→ Task inputs:
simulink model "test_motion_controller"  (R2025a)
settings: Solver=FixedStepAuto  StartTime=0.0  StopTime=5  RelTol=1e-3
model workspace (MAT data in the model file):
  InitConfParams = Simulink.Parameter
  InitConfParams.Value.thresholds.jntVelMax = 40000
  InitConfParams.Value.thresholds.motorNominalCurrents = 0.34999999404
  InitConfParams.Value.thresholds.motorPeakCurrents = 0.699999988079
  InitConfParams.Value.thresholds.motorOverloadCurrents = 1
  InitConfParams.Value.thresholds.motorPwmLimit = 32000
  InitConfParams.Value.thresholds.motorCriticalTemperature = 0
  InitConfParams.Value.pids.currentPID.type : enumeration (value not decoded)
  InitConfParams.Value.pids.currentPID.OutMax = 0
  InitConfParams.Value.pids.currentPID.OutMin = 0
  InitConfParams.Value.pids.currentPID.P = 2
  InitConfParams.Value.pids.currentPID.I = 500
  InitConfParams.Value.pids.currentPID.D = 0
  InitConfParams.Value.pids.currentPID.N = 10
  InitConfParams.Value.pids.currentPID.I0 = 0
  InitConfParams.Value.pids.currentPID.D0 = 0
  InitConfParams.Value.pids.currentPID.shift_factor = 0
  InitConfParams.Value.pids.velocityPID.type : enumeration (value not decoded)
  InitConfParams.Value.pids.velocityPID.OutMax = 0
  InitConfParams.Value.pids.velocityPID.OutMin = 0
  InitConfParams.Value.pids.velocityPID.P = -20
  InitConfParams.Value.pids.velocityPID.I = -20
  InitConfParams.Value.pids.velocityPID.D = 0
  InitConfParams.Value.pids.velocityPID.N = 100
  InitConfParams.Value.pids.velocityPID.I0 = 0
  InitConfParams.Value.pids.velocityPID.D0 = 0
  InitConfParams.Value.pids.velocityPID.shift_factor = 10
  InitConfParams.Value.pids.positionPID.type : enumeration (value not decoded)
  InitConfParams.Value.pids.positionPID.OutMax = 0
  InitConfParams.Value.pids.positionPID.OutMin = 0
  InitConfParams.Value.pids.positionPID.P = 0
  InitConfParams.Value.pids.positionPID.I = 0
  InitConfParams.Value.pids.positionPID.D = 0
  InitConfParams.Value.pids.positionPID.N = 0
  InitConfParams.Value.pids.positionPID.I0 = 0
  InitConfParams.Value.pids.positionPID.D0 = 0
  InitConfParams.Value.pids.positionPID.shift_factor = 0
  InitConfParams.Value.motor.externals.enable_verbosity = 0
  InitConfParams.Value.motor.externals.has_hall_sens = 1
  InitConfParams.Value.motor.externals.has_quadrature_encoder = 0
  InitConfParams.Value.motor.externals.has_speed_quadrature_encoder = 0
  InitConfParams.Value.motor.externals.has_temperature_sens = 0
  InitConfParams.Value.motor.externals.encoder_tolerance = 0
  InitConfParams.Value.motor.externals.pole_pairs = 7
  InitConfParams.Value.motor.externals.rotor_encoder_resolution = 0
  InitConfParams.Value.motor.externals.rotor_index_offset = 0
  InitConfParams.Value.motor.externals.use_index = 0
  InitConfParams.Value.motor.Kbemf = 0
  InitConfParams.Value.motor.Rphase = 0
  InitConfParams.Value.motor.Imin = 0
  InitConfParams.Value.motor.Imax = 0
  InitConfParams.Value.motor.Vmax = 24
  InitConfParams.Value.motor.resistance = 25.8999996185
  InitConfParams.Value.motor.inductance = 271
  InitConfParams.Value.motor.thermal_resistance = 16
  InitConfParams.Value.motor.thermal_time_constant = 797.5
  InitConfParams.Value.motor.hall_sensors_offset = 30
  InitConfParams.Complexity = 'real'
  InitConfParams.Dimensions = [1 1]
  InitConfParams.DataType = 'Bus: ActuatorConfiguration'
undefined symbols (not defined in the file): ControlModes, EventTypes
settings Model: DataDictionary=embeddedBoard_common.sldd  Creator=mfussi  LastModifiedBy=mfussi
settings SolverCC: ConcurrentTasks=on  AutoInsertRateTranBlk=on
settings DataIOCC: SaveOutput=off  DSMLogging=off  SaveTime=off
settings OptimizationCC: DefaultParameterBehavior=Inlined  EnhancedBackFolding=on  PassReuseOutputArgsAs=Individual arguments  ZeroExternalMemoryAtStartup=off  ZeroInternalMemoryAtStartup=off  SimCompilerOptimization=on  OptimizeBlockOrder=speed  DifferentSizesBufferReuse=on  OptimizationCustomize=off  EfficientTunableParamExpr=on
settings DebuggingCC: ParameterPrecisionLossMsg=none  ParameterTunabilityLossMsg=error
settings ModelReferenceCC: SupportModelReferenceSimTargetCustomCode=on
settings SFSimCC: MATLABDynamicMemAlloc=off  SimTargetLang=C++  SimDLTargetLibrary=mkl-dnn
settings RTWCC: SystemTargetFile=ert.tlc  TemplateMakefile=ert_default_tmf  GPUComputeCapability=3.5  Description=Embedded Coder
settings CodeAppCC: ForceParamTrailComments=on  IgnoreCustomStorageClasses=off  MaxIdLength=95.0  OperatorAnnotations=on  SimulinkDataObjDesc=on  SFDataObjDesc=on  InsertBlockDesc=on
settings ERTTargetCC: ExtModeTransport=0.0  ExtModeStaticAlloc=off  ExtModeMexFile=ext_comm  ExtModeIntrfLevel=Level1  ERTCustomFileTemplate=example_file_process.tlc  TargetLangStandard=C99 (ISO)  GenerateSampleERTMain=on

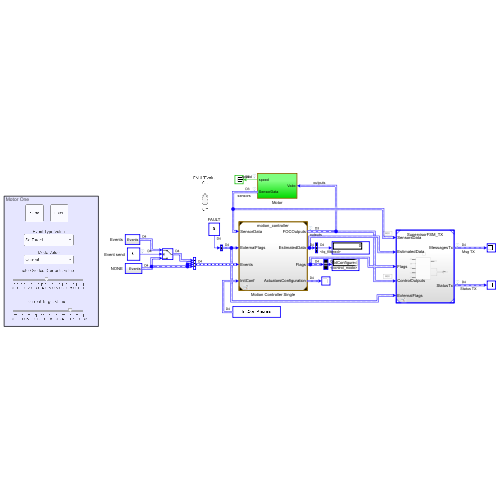
[thumbnail: Simulink's stored preview of the top-level diagram]
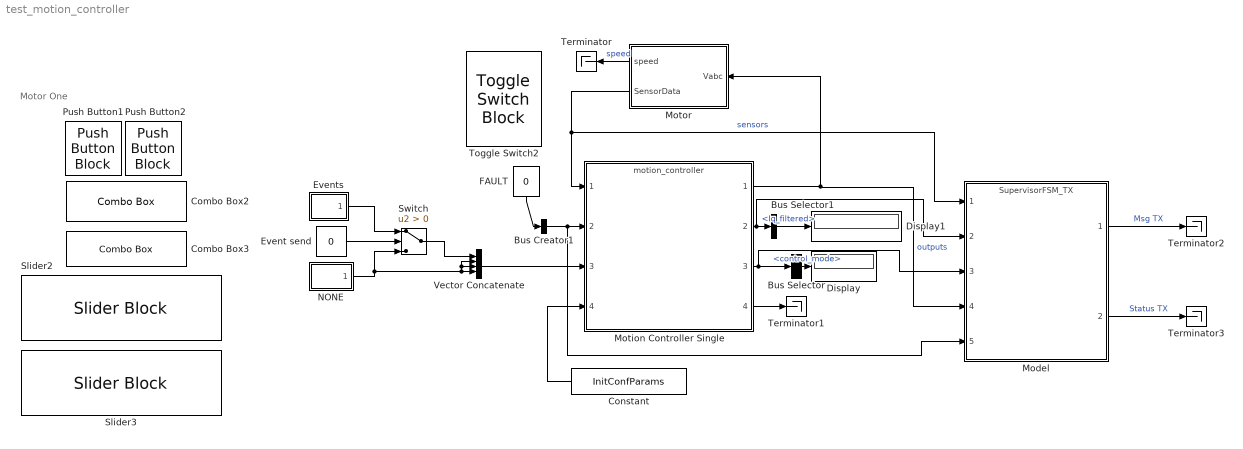
== system test_motion_controller ==
  note: Motor One
  Bus Creator1 : BusCreator  Inputs=1  OutDataTypeStr=Bus: ExternalFlags  NonVirtualBus=on
      settings: InheritFromInputs=off
  Bus Selector : BusSelector  OutputSignals=control_mode
  Bus Selector1 : BusSelector  OutputSignals=Iq_filtered
  Combo Box2 : ComboBox  SelectedLabel=SetTarget  UseEnumeratedDataType=on  EnumeratedDataType=EventTypes
  Combo Box3 : ComboBox  SelectedLabel=Current  UseEnumeratedDataType=on  EnumeratedDataType=ControlModes
  Constant : Constant  Value=InitConfParams  OutDataTypeStr=Bus: ActuatorConfiguration  SampleTime=1e-3
  Display : Display
  Display1 : Display
  Event send : Constant  Value=0  OutDataTypeStr=boolean  SampleTime=1e-3
  Events : Subsystem
  FAULT : Constant  Value=0  OutDataTypeStr=Inherit: Inherit via back propagation  SampleTime=0.001
  Model : ModelReference  ModelNameDialog=SupervisorFSM_TX.slx  SimulationMode=Normal  ModelReferenceVersion=10.14
  Motion Controller Single : ModelReference  ModelNameDialog=motion_controller.slx  ModelReferenceVersion=5.2
  Motor : Subsystem
  NONE : Subsystem
  Push Button1 : PushButtonBlock  ButtonText=Send  IconOnColor=[0.0, 0.39215686274509803, 0.0]  IconOffColor=[0.0, 1.0, 0.0]  OffValue=0.000000
  Push Button2 : PushButtonBlock  ButtonText=Latch  ButtonType=Latch  IconOnColor=[0.0, 0.39215686274509803, 0.0]  IconOffColor=[0.0, 1.0, 0.0]  OffValue=0.000000
  Slider2 : SliderBlock  ScaleMax=1
  Slider3 : SliderBlock  ScaleMax=0.36
  Switch : Switch  Criteria=u2 > Threshold  SaturateOnIntegerOverflow=off  InputSameDT=off
  Terminator{,1..3} (4 alike) : Terminator
  Toggle Switch2 : ToggleSwitchBlock
  Vector Concatenate : Concatenate  NumInputs=4
  wires:
  Bus Selector/1 -> Display/1  "<control_mode>"
  Motion Controller Single/2 -> Model/2, Bus Selector1/1
  Bus Creator1/1 -> Model/5, Motion Controller Single/2
  Motor/2(SensorData) -> Motion Controller Single/1, Model/1  "sensors"
  Motion Controller Single/1 -> Motor/1(Vabc), Model/4  "outputs"
  Switch/1 -> Vector Concatenate/1
  FAULT/1 -> Bus Creator1/1
  Bus Selector1/1 -> Display1/1  "<Iq_filtered>"
  NONE/1(Events) -> Vector Concatenate/3, Vector Concatenate/2, Vector Concatenate/4, Switch/3
  Events/1(Events) -> Switch/1
  Motor/1(speed) -> Terminator/1  "speed"
  Constant/1 -> Motion Controller Single/4
  Motion Controller Single/3 -> Model/3, Bus Selector/1
  Motion Controller Single/4 -> Terminator1/1
  Model/1 -> Terminator2/1  "Msg TX"
  Model/2 -> Terminator3/1  "Status TX"
  Vector Concatenate/1 -> Motion Controller Single/3
  Event send/1 -> Switch/2

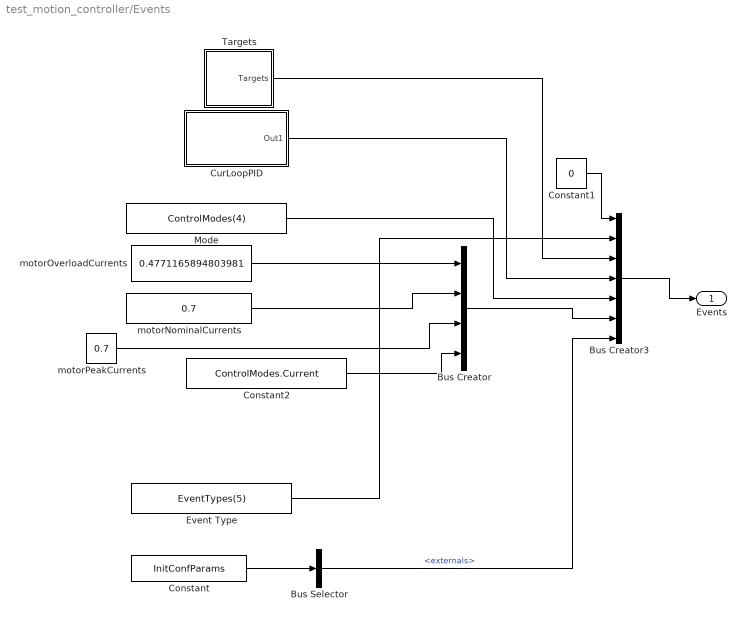
== system test_motion_controller/Events ==
  Bus Creator : BusCreator  Inputs=4  OutDataTypeStr=Bus: SupervisorInputLimits  NonVirtualBus=on
      settings: InheritFromInputs=off
  Bus Creator3 : BusCreator  Inputs=7  OutDataTypeStr=Bus: ReceivedEvents  NonVirtualBus=on
      settings: InheritFromInputs=off
  Bus Selector : BusSelector  OutputSignals=motor.externals
  Constant : Constant  Value=InitConfParams  OutDataTypeStr=Bus: ActuatorConfiguration
  Constant1 : Constant  Value=0  OutDataTypeStr=uint8
  Constant2 : Constant  Value=ControlModes.Current  OutDataTypeStr=Enum: ControlModes
  CurLoopPID : Subsystem  mask{OutMax=0, OutMin=0, P=20, I=5000, D=0, N=10, I0=0, D0=0, shift_factor=0}
      mask prompts: shift_factor "Shift Factor"
  Event Type : Constant  Value=EventTypes(5)  OutDataTypeStr=Enum: EventTypes
  Mode : Constant  Value=ControlModes(4)  OutDataTypeStr=Enum: ControlModes
  Targets : Subsystem
  motorNominalCurrents : Constant  Value=0.7  OutDataTypeStr=single
  motorOverloadCurrents : Constant  Value=0.4771165894803981  OutDataTypeStr=single
  motorPeakCurrents : Constant  Value=0.7  OutDataTypeStr=single
  Events : Outport  OutDataTypeStr=Bus: ReceivedEvents
  wires:
  motorPeakCurrents/1 -> Bus Creator/3
  Constant2/1 -> Bus Creator/4
  motorOverloadCurrents/1 -> Bus Creator/1
  motorNominalCurrents/1 -> Bus Creator/2
  Bus Creator3/1 -> Events/1
  Constant/1 -> Bus Selector/1
  Bus Selector/1 -> Bus Creator3/7  "<externals>"
  Bus Creator/1 -> Bus Creator3/6
  Mode/1 -> Bus Creator3/5
  CurLoopPID/1(Out1) -> Bus Creator3/4
  Targets/1(Targets) -> Bus Creator3/3
  Event Type/1 -> Bus Creator3/2
  Constant1/1 -> Bus Creator3/1

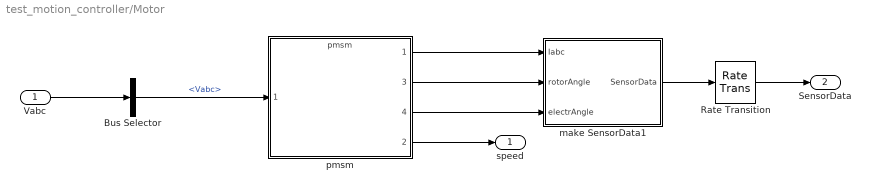
== system test_motion_controller/Motor ==
  Vabc : Inport
  Bus Selector : BusSelector  OutputSignals=Vabc
  Rate Transition : RateTransition  Integrity=off  OutPortSampleTime=Ts_ControlFOC
  make SensorData1 : Subsystem
  pmsm : ModelReference  ModelNameDialog=pmsm.slx  SimulationMode=Normal  ModelReferenceVersion=10.2
      settings: PortSchema="{\"entries\":[{\"content\":{\"sides\":[{\"content\":{\"connectorIds\":[\"In1\"]},\"type\":\"ConnectorPlacement.EquallySpacedRectSide\",\"uuid\":\"8cec65a8-4219-41d1-959d-4e8d996cc561\"},{\"content\":{\"connectorIds\":[\"Out1\",\"Out3\",\"Out4\",\"Out2\"],\"side\":\"RIGHT\"},\"type\":\"ConnectorPlacement.EquallySpacedRectSide\",\"uuid\":\"120dfdfb-4ec8-4266-9e58-5a4f10fe78d1\"},{\"content\":{\"side\":\"TOP\"},\"type\":\"ConnectorPlacement.EquallySpacedRectSide\",\"uuid\":\"6d35c191-eb3f-4663-84d3-c95352a14c82\"}]},\"type\":\"ConnectorPlacement.EquallySpacedConnector\",\"uuid\":\"bf10708e-bbfb-4369-9195-0995d9345086\"}],\"packageUris\":[\"http://schema.mathworks.com/mf0/Connector/R2020b\"],\"version\":\"1.0\"}"
  speed : Outport
  SensorData : Outport  Port=2
  wires:
  make SensorData1/1(SensorData) -> Rate Transition/1
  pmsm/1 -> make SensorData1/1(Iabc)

→ What the task requires:
Would you copy out exactly the lines above that start at the one containing "InitConfParams.Value.pids.velocityPID.N = 100" and end at the one containing "InitConfParams.Value.pids.positionPID.type : enumeration", inclusive?

→ Your solution:
  InitConfParams.Value.pids.velocityPID.N = 100
  InitConfParams.Value.pids.velocityPID.I0 = 0
  InitConfParams.Value.pids.velocityPID.D0 = 0
  InitConfParams.Value.pids.velocityPID.shift_factor = 10
  InitConfParams.Value.pids.positionPID.type : enumeration (value not decoded)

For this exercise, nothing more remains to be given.